Although hearsay evidence is inadmissible in every court of law—including Judge Judy’s—it nevertheless provides the bedrock for all religions.
The true believer not only swallows hearsay whole but pins his hope for Life Everlasting on it (not to mention his equally fervent hope for a postmortem cashing-in of Brownie points). He’s got everything riding on hearsay when it comes to his so-called immortal soul, yet would scream bloody murder if burned by hearsay for a forty-dollar judgment in small claims court.
Here’s what Thomas Paine had to say about the powerful, pervasive, and often pernicious form of hearsay called “divine revelation”:
[A]dmitting, for the sake of a case, that something has been revealed to a certain person, and not revealed to any other person, it is revelation to that person alone. When he tells it to a second person, a second to a third, a third to a fourth, and so on, it ceases to be a revelation to all those persons. It is revelation to the first person only, and hearsay to every other, and, consequently, they are not obliged to believe it.

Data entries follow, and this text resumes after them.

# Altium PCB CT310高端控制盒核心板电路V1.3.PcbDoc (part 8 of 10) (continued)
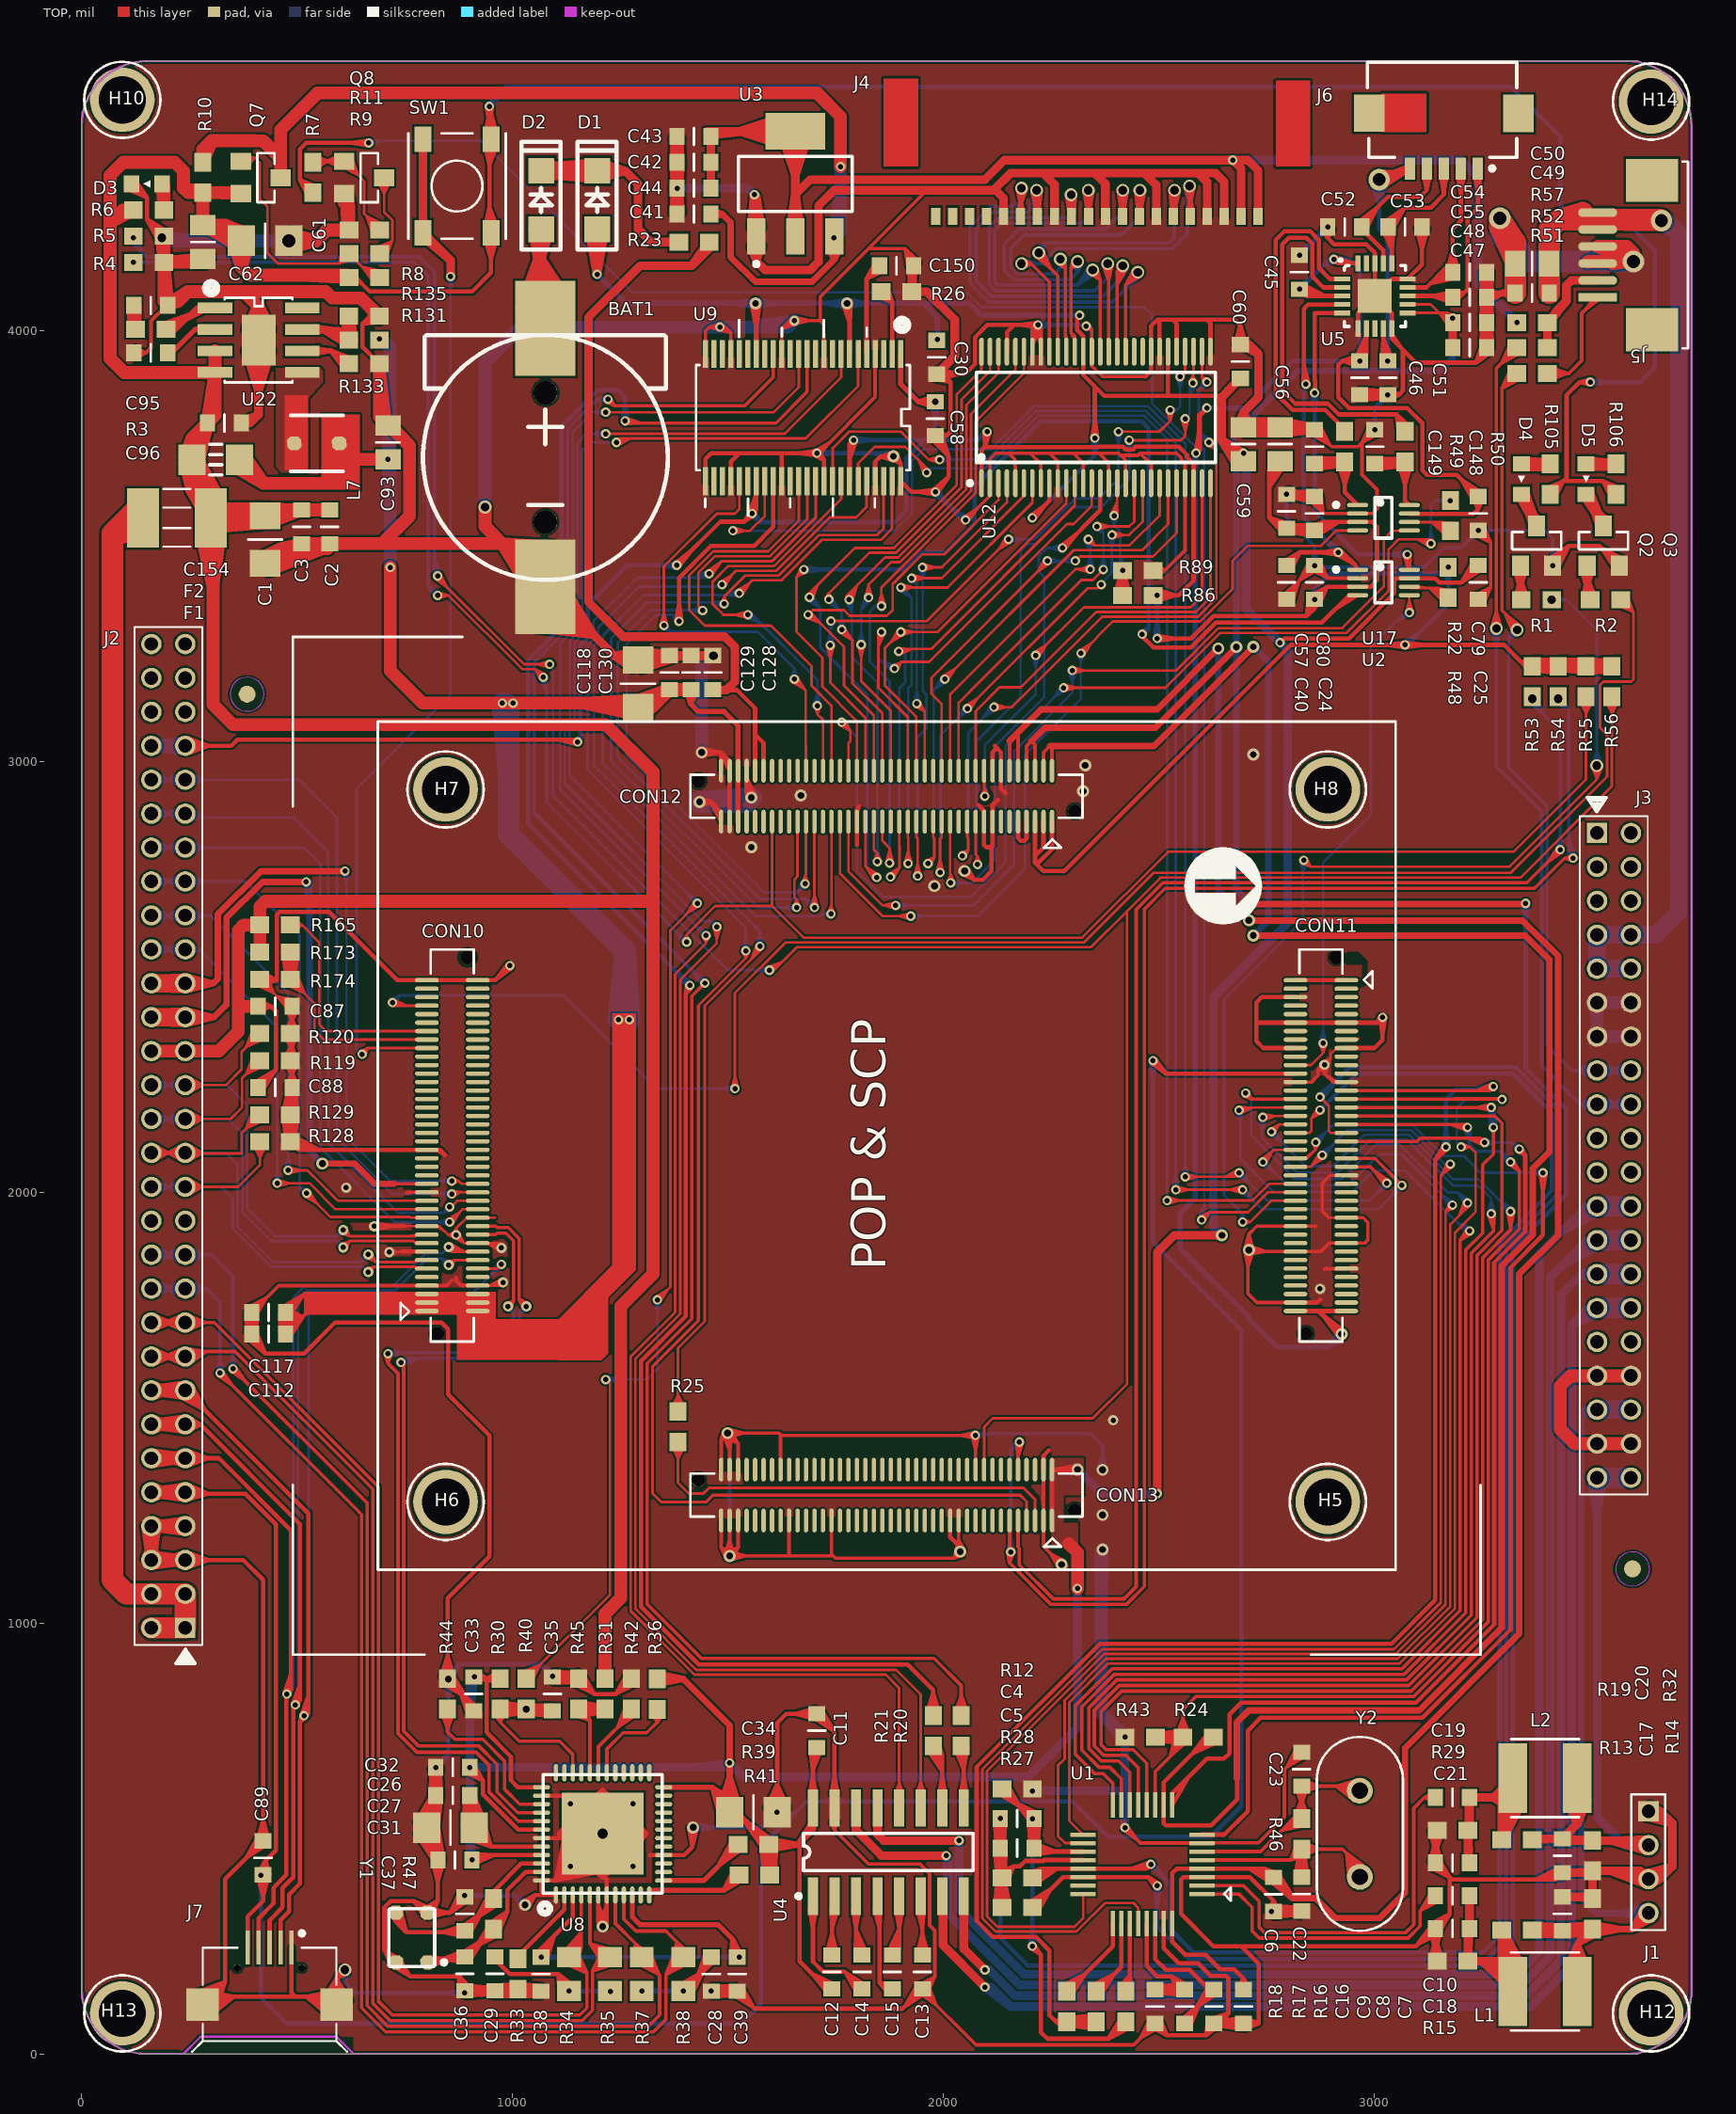
[diagram p0: TOP view]
## Nets (pads, with @x,y where several pads share a name; then routed paths per layer and width w, separated by ;. In a path a pad name is that pad's centre, name@x,y a point inside that pad or via, vN(x,y) a via of type N, cw(c..) or ccw(c..) an arc to the next point about the centre after c; other vN are vias at no path point) (continued)
  TOP w12: 1900,3876.78 U9.1@1900,3918.78 ; U9.1@1900,3945.28 1900,3875.76 1941.39,3834.37 ; C58.1@1976.96,3822.8 1941.39,3834.37 ; C58.1@1976.96,3845.94 1941.39,3834.37 ; C58.1@1978.79,3834.37 1941.39,3834.37 ; 1941.39,3834.37 v3(1980.76,3834.37) ; 1941.39,3834.37 C58.1@1979.95,3826.41 ; 1941.39,3834.37 C58.1@1979.95,3842.33 ; 1941.39,3834.37 C58.1@1979.95,3826.41 ; 1941.39,3834.37 C58.1@1979.95,3842.33 ; 1941.39,3834.37 v3(1980.76,3834.37) ; 1941.39,3834.37 C58.1@1979.95,3826.41 ; 1941.39,3834.37 C58.1@1979.95,3842.33 ; 1941.39,3834.37 v3(1980.76,3834.37) ; 1941.39,3834.37 C58.1@1979.95,3826.41 ; 1941.39,3834.37 C58.1@1979.95,3842.33 ; 1941.39,3834.37 v3(1980.76,3834.37)
  BOTTOM w10: J2.54@161.39,3035.88 J2.53@240.13,3035.88 ; J2.54@162.08,3027.29 215.01,3035.88 ; J2.54@162.08,3044.47 215.01,3035.88 ; J2.54@164.62,3017.54 215.01,3035.88 ; J2.54@164.62,3054.22 215.01,3035.88 ; J2.53@233.53,3018.47 185.17,3046.74 ; J2.53@233.53,3053.29 185.17,3025.02 ; J2.53@235.36,3017.88 186.12,3040.57 ; J2.53@235.36,3053.88 186.12,3031.19 ; J2.53@236.9,3017.54 186.51,3035.88 ; J2.53@236.9,3054.22 186.51,3035.88 ; J2.53@237.81,3027.58 185.17,3046.74 ; J2.53@237.81,3044.19 185.17,3025.02 ; J2.53@238.53,3017.33 186.12,3031.19 ; J2.53@238.53,3054.43 186.12,3040.57 ; J2.53@238.7,3027.38 186.12,3040.57 ; J2.53@238.7,3044.38 186.12,3031.19 ; J2.53@239.44,3027.29 186.51,3035.88 ; J2.53@239.44,3044.47 186.51,3035.88 ; J2.53@240.19,3027.26 186.12,3031.19 ; J2.53@240.19,3044.5 186.12,3040.57 ; J2.53@240.65,3017.27 185.17,3025.02 ; J2.53@240.65,3054.5 185.17,3046.74 ; J2.53@241.15,3027.32 185.17,3025.02 ; J2.53@241.15,3044.44 185.17,3046.74 ; v1(1150.76,3045) 1156.76,3051 1156.76,3269.73 1174.26,3287.23 1174.26,3363.5 1265.76,3455 v1(1380.76,3455) ; v1@1380.32,3449.02 1339.76,3455 v1@1380.32,3460.98 ; v1@1551.99,3570.33 1575.76,3555 ; v1(1555.76,3575) 1575.76,3555 ; v1@1560.43,3578.77 1575.76,3555 ; v1(1790.76,3745) 1955.51,3745 ; v1@1791.2,3739.02 1831.76,3745 v1@1791.2,3750.98 ; v3@1971.81,3833.45 1980.76,3790.37 v3@1989.71,3833.45 ; v3(1980.76,3834.37) 1980.76,3770.25 1955.51,3745 ; v1@2096.09,3768.77 2080.76,3745 ; v1@2104.53,3760.33 2080.76,3745 ; v1@2489.78,3285.44 2495.76,3326 v1@2501.74,3285.44 ; v1@2489.78,3384.56 2495.76,3344 v1@2501.74,3384.56 ; v1(2495.76,3285) v1(2495.76,3385) ; v1@2854.81,3376.37 2860.76,3400 ; v1(2860.76,3375.63) 2860.76,3400 ; v1@2866.71,3376.37 2860.76,3400 ; v1@3067.17,3274.8 3105.49,3299.73 ; v1@3074.95,3265.71 3105.49,3299.73 ; v1@3164.78,3449.99 3170.76,3409.43 ; v1@3165.94,3454.01 3156.33,3436 ; v1@3174.33,3445.61 3156.33,3436 ; v1@3176.74,3449.99 3170.76,3409.43 ; 185.17,3025.02 J2.53@240.13,3035.88 ; 185.17,3046.74 J2.53@240.13,3035.88 ; 186.12,3031.19 J2.53@240.13,3035.88 ; 186.12,3040.57 J2.53@240.13,3035.88 ; 215.01,3035.88 J2.53@233.23,3018.59 ; 215.01,3035.88 J2.53@233.23,3053.18 ; 215.01,3035.88 J2.53@238.65,3027.39 ; 215.01,3035.88 J2.53@238.65,3044.37 ; 215.01,3035.88 J2.53@240.13,3035.88 ; 215.01,3035.88 J2.53@233.23,3018.59 ; 215.01,3035.88 J2.53@233.23,3053.18 ; 215.01,3035.88 J2.53@238.65,3027.39 ; 215.01,3035.88 J2.53@238.65,3044.37 ; 215.01,3035.88 J2.53@240.13,3035.88 ; 215.01,3035.88 J2.53@233.23,3018.59 ; 215.01,3035.88 J2.53@233.23,3053.18 ; 215.01,3035.88 J2.53@238.65,3027.39 ; 215.01,3035.88 J2.53@238.65,3044.37 ; 215.01,3035.88 J2.53@240.13,3035.88 ; 215.01,3035.88 J2.53@233.23,3018.59 ; 215.01,3035.88 J2.53@233.23,3053.18 ; 215.01,3035.88 J2.53@238.65,3027.39 ; 215.01,3035.88 J2.53@238.65,3044.37 ; 215.01,3035.88 J2.53@240.13,3035.88 ; 1575.76,3555 1885.76,3555 1913.76,3583 1913.76,3703.25 1955.51,3745 ; 1955.51,3745 2080.76,3745 ; 2080.76,3745 v1(2100.76,3765) 2080.76,3745 ; 2860.76,3400 2896.76,3436 3156.33,3436 ; 3105.49,3299.73 v1(3070.76,3270) 3075.76,3270 3170.76,3365 v1(3170.76,3450.43) ; 3156.33,3436 v1(3170.76,3450.43) ; 3156.33,3436 v1(3170.76,3450.43) ; 3170.76,3409.43 v1(3170.76,3450.43)
VDD12_5M: CON12.7 CON12.9 | length 134.1
  TOP w10: CON12.9@2172.71,2837.36 2172.71,2821.48 ; CON12.9@2172.71,2859.86 2172.71,2821.48 ; CON12.7@2192.39,2837.36 2192.39,2820.86 ; CON12.7@2192.39,2859.86 2192.39,2820.86 ; 2172.71,2821.48 2178.61,2815.57 2187.1,2815.57 2192.39,2820.86
VDD18_A31: CON10.33
VDD18_CAM: C4.2 C5.2 C47.2 C48.2 CON12.6 CON12.8 R27.2 R28.2 U1.20 U5.11 U5.12 | length 14511.1
  TOP w6: U5.11@3076.55,4040.63 3150.13,4040.63 ; U5.12@3076.55,4060.32 3130.44,4060.32 3150.13,4040.63 ; U5.11@3089.34,4040.63 3113.25,4040.63 ; U5.12@3089.34,4060.32 3113.25,4060.32 ; C48.2@3171.09,4009.79 3150.13,4040.63 ; C48.2@3175.82,4013.6 3150.13,4040.63 ; C48.2@3177.4,4021.4 3152.89,4040.13 ; C48.2@3177.46,4021.36 3153.66,4039.37 ; C48.2@3177.65,4021.26 3152.43,4039.13 ; C48.2@3183.19,4036.13 3152.43,4039.13 ; C48.2@3183.33,4036.1 3153.66,4039.37 ; C48.2@3183.47,4036.06 3152.89,4040.13 ; C48.2@3185.26,4028.11 3150.13,4040.63 ; C48.2@3186.82,4033.98 3150.13,4040.63 ; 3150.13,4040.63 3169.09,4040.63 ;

To which I append a resounding “Amen!” as well as my belief that there are not nearly enough Doubting Thomases in this world.
Strictly as a postscript, here’s another prime example of human paradoxy from Steven Wright, master of the deadpan one-liner: Have you ever noticed how many people standing in line to buy lottery tickets ... are smoking?
It took me a while to grasp the Orwellian Doublethink at work in that scenario—people believing, on the one hand, that they have a good chance to be among the small percentage of lottery players who are going to win, and just as sure, on the other hand, that they will not be among the small percentage of cigarette smokers who are going to get lung cancer. Man, you just gotta love dodo sapiens.